Sobre a observada resistência do S. aureus na presença de matéria orgânica,
conforme informam Macêdo & Barra (2002), desinfetantes liberadores de cloro livre
têm sua ação reduzida porque o cloro oxida primeiramente a matéria orgânica,
reduzindo assim sua disponibilidade para ação antimicrobiana. Anteriormente Lasmanis
et al. (1953 apud DYCHDALA, 1991), usando solução de hipoclorito com amostras de
Staphylococcus (coagulase positiva e negativa), observaram que com 3% de leite
desnatado não foi obtida a completa morte dos organismos e que, pequenas quantidades
de leite exibiram progressivamente a diminuição no efeito da ação bactericida. No
entanto, existem opiniões divergentes sobre o fenômeno.
Tanto Mudge et al. (1935) quanto Johns (1948), os dois citados por Dychdala
(op. cit.), na presença de leite nos testes com solução de hipoclorito não encontraram
efeitos adversos na ação bactericida do cloro. O segundo autor, usando E. coli e S.
aureus como organismos teste, relatou não haver evidência na redução germicida na
presença de leite desnatado e integral, com solução de hipoclorito recém preparada. Em
outro estudo experimental, visando a comparação da eficácia da descontaminação
prévia de materiais médico-cirúrgicos pelo uso de desinfetantes químicos e pela
utilização de água, sabão e ação mecânica, e verificar a interferência da matéria
orgânica, Souza et al. (1998) constataram que o hipoclorito de sódio 1% exibiu baixa
interferência da matéria orgânica (10% de soro fetal bovino), em sua ação germicida
sobre Staphylococcus aureus, Pseudomonas aeruginosa e Salmonella Choleraesuis.
Para reforçar o que foi observado aqui nesse experimento, também Spaulding
(apud PIANTA & WIEST, 1986) considerou a limpeza dos instrumentos e outros
materiais a serem desinfetados como atitude fundamental para melhor atuação de
33
diversos produtos químicos, pois matéria orgânica como sangue, plasma e fezes, entre
outras, tanto poderiam alterar as moléculas do desinfetante, tornando-o inativo, quanto
servirem de barreira mecânica de proteção aos microrganismos.
Em experimentos mais recentes, Bessems (1998) fez semelhante verificação
com compostos halogênicos.
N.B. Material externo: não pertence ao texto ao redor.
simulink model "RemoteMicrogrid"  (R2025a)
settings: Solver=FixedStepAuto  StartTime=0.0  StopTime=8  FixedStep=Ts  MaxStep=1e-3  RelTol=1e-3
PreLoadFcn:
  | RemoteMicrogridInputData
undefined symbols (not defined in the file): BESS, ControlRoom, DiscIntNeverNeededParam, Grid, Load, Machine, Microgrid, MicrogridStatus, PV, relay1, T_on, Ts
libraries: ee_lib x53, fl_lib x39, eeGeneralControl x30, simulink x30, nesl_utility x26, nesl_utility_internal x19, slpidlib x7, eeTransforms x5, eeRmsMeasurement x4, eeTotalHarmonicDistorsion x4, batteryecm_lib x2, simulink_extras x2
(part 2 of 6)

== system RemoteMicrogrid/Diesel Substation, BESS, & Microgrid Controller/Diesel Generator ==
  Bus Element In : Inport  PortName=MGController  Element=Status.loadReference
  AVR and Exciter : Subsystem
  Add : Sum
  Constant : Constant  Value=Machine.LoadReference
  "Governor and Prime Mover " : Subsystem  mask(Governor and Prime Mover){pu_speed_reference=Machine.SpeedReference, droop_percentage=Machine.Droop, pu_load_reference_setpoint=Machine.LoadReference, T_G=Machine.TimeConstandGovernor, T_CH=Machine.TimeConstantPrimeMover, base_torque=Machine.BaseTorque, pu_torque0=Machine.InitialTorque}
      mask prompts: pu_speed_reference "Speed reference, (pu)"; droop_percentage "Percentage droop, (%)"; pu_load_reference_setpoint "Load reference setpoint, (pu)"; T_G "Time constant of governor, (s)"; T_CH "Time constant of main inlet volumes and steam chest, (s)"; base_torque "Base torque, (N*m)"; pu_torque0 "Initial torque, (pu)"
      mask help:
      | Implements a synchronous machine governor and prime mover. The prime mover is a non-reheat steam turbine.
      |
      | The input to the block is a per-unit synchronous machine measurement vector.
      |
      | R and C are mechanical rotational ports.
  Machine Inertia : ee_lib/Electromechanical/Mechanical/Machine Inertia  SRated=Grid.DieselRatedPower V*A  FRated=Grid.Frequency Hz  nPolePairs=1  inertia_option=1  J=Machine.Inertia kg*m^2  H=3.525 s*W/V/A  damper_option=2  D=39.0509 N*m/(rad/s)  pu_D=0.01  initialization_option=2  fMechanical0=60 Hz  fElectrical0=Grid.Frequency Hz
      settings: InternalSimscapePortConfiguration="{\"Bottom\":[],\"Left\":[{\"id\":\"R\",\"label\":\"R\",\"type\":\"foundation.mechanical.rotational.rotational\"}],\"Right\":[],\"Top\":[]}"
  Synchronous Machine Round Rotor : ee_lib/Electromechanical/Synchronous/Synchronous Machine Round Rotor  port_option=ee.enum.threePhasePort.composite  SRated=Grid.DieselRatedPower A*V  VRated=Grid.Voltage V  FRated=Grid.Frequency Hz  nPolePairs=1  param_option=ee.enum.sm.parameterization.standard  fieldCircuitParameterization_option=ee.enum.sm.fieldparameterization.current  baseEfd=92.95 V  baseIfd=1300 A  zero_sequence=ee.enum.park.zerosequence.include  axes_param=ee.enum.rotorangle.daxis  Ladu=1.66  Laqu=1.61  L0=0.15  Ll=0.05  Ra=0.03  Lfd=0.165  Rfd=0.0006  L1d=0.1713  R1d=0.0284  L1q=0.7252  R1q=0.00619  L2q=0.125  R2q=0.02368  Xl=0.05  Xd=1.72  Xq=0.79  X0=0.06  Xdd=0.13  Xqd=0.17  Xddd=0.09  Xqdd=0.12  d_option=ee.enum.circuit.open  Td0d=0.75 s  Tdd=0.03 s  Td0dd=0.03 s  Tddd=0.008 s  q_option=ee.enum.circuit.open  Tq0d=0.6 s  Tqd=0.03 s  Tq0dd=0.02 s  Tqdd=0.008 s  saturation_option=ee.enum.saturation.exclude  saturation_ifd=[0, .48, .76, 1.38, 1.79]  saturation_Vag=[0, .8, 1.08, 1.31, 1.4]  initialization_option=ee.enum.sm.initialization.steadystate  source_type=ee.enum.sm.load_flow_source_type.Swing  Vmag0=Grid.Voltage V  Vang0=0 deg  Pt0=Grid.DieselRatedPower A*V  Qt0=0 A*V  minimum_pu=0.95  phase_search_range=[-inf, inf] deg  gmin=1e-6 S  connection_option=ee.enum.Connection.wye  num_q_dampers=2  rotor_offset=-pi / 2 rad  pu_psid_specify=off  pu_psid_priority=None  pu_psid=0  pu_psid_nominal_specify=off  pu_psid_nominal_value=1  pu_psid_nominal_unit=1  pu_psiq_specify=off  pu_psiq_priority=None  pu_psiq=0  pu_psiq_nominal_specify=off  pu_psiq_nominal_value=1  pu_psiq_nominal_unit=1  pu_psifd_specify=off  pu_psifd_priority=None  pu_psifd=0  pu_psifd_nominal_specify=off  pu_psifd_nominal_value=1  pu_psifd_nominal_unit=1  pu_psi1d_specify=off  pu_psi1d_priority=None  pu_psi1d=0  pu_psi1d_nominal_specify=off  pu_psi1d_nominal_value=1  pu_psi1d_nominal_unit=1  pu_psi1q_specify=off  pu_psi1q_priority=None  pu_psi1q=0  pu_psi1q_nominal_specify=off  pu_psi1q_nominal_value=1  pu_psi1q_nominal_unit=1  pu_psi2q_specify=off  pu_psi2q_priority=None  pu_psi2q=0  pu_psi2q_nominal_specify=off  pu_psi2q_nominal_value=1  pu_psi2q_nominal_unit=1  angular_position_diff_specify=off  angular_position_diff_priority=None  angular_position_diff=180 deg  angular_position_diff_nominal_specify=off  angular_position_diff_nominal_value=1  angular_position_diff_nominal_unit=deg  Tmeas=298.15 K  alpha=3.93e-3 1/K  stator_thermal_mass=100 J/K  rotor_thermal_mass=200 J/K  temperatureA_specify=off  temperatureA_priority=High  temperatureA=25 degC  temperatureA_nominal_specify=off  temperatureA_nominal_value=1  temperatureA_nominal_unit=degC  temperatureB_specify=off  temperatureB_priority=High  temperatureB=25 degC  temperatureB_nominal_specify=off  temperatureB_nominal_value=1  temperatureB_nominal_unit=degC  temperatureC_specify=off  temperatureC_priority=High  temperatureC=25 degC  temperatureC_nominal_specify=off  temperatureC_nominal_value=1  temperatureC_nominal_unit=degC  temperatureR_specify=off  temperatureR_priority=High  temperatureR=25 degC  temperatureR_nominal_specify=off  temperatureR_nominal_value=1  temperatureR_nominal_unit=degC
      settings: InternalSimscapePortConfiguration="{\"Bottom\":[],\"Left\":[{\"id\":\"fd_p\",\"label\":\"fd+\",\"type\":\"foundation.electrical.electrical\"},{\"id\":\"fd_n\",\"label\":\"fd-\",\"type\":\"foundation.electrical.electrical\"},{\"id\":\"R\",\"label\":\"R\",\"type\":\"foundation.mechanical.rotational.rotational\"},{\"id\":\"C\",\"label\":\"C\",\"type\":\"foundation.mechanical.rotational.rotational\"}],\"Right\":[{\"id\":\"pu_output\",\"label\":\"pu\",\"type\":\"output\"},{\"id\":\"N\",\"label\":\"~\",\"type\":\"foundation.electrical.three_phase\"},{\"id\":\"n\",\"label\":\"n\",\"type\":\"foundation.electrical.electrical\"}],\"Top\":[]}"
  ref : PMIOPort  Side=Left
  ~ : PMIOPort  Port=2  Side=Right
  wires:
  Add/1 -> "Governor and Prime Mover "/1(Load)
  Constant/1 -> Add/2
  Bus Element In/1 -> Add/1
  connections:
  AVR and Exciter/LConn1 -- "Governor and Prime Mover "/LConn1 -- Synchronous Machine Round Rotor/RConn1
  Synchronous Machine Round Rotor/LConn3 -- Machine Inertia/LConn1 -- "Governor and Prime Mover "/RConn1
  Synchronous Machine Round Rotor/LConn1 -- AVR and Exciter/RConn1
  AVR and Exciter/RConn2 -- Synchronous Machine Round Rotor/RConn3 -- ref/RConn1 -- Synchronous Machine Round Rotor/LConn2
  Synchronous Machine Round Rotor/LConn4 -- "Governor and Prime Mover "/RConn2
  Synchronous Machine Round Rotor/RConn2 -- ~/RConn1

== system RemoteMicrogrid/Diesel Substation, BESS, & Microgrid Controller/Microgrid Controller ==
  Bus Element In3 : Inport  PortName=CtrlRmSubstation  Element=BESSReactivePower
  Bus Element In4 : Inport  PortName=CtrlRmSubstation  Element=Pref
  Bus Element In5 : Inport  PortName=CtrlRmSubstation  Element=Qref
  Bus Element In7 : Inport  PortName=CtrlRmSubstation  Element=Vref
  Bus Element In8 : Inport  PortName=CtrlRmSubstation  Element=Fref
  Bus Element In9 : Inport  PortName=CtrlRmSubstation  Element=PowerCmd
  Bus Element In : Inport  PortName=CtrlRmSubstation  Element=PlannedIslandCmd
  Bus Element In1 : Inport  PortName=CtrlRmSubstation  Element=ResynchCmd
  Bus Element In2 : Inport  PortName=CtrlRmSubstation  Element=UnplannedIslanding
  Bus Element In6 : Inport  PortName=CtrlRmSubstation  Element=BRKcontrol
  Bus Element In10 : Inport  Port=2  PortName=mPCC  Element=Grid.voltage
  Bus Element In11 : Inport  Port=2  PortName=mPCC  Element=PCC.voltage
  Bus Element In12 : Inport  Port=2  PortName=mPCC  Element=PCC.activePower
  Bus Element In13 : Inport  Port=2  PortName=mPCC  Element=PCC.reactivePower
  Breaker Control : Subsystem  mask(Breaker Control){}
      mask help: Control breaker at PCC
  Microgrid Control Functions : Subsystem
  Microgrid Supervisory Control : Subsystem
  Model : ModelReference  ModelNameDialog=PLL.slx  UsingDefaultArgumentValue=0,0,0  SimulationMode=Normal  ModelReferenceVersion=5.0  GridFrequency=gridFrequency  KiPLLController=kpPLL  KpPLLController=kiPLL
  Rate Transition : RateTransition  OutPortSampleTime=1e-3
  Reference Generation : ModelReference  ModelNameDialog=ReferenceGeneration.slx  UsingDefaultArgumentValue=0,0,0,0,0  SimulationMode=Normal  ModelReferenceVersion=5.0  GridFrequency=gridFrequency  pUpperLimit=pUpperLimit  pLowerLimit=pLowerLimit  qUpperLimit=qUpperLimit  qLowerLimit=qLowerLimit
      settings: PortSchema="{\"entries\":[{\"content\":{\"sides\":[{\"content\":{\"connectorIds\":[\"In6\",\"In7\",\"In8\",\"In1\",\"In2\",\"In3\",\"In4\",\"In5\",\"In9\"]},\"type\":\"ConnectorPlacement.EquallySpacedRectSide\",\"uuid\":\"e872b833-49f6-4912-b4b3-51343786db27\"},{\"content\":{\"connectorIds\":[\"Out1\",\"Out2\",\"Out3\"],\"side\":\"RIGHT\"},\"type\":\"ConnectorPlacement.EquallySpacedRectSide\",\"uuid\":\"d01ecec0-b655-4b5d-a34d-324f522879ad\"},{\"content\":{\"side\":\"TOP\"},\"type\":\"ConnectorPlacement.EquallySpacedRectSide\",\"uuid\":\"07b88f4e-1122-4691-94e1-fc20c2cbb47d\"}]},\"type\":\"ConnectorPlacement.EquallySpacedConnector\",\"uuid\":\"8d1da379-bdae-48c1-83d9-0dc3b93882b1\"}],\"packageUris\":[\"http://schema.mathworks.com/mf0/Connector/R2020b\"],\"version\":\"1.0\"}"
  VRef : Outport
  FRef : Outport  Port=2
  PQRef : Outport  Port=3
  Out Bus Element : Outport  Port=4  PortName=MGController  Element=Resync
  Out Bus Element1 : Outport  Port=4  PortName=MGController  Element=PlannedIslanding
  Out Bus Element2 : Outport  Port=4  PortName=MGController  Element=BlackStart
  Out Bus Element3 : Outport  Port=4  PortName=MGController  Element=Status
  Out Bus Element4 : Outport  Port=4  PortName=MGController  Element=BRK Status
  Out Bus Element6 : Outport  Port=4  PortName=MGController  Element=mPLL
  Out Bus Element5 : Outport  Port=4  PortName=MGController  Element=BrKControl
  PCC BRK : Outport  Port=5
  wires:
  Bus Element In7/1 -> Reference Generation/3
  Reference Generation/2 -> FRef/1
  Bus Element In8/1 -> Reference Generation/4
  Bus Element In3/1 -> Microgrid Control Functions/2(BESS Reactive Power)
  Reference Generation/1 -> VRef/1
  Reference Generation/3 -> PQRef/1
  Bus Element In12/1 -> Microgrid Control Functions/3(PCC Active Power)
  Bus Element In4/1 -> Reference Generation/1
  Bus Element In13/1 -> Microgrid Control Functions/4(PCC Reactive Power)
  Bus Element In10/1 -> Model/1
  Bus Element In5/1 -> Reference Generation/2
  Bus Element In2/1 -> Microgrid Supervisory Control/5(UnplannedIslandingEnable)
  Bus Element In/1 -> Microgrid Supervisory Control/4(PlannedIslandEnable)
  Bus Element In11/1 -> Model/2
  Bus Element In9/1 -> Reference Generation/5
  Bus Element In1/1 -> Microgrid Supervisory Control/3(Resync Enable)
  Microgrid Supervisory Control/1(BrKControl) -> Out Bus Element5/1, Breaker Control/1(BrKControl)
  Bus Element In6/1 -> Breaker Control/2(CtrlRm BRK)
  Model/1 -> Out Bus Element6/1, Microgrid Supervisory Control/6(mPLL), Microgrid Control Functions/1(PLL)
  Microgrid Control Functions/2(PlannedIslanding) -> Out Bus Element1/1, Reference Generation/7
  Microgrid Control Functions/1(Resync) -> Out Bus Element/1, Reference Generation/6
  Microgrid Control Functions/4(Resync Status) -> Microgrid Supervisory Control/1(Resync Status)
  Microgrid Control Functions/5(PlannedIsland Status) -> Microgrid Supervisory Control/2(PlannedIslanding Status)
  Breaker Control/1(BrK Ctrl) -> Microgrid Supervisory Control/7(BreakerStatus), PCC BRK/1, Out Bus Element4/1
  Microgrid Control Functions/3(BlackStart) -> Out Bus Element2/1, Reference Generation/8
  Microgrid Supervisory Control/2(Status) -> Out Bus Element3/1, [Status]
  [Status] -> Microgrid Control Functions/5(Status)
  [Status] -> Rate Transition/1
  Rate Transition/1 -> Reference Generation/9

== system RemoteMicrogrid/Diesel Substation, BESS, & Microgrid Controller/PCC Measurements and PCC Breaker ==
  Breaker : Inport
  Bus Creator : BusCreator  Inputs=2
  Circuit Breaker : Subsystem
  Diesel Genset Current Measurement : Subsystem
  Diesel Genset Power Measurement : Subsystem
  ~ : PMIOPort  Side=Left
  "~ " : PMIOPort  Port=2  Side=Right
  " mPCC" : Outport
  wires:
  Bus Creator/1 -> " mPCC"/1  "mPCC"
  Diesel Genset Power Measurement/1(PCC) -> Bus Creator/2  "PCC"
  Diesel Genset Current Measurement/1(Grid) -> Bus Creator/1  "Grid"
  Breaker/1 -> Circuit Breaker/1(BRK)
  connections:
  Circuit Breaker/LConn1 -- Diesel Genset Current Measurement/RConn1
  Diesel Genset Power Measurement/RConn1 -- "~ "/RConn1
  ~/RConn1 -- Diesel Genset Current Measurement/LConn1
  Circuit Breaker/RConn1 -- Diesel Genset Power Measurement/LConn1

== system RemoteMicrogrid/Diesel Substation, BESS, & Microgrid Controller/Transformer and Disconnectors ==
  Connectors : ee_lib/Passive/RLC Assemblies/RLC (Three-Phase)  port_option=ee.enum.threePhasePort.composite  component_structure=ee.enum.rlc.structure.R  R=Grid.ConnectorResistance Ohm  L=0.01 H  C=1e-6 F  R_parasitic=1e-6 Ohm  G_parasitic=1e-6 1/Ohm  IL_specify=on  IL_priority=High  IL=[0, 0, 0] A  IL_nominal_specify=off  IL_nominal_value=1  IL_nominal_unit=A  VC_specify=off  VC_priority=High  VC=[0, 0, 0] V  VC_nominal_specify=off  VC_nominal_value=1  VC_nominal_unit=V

Adicionando 0,3% de albumina sérica bovina, a
concentração desses compostos e o tempo necessários para obter o mesmo efeito de
redução logarítmica do microrganismo em ausência de proteína foi de pelo menos o
dobro.
A presença da matéria orgânica pode explicar parte do fenômeno de resistência
observado. Esse raciocínio, no entanto, não pode ser estendido ao caso da sensibilidade
e resistência das amostras de S.aureus na concentração de 100 ppm de cloro livre, posto
que, ausente a matéria orgânica. Para dar conta da interpretação desse resultado
parecem pertinentes os argumentos de SANDER et al. (2002) quando informam que ao
testar-se a sensibilidade de um microrganismo frente a um desinfetante deve-se levar
em consideração todos os fatores que possam interferir na avaliação, principalmente a
situação problema específica, isto é, bactérias poderiam apresentar resistência após uma
exposição prolongada aos desinfetantes, e isolados bacterianos dentro de um mesmo
gênero e espécie têm diferentes graus de sensibilidade a um mesmo desinfetante. Ou
ainda, que o mesmo desinfetante com formulações similares, porém não idênticas,
apresenta eficácia diferente contra a mesma bactéria.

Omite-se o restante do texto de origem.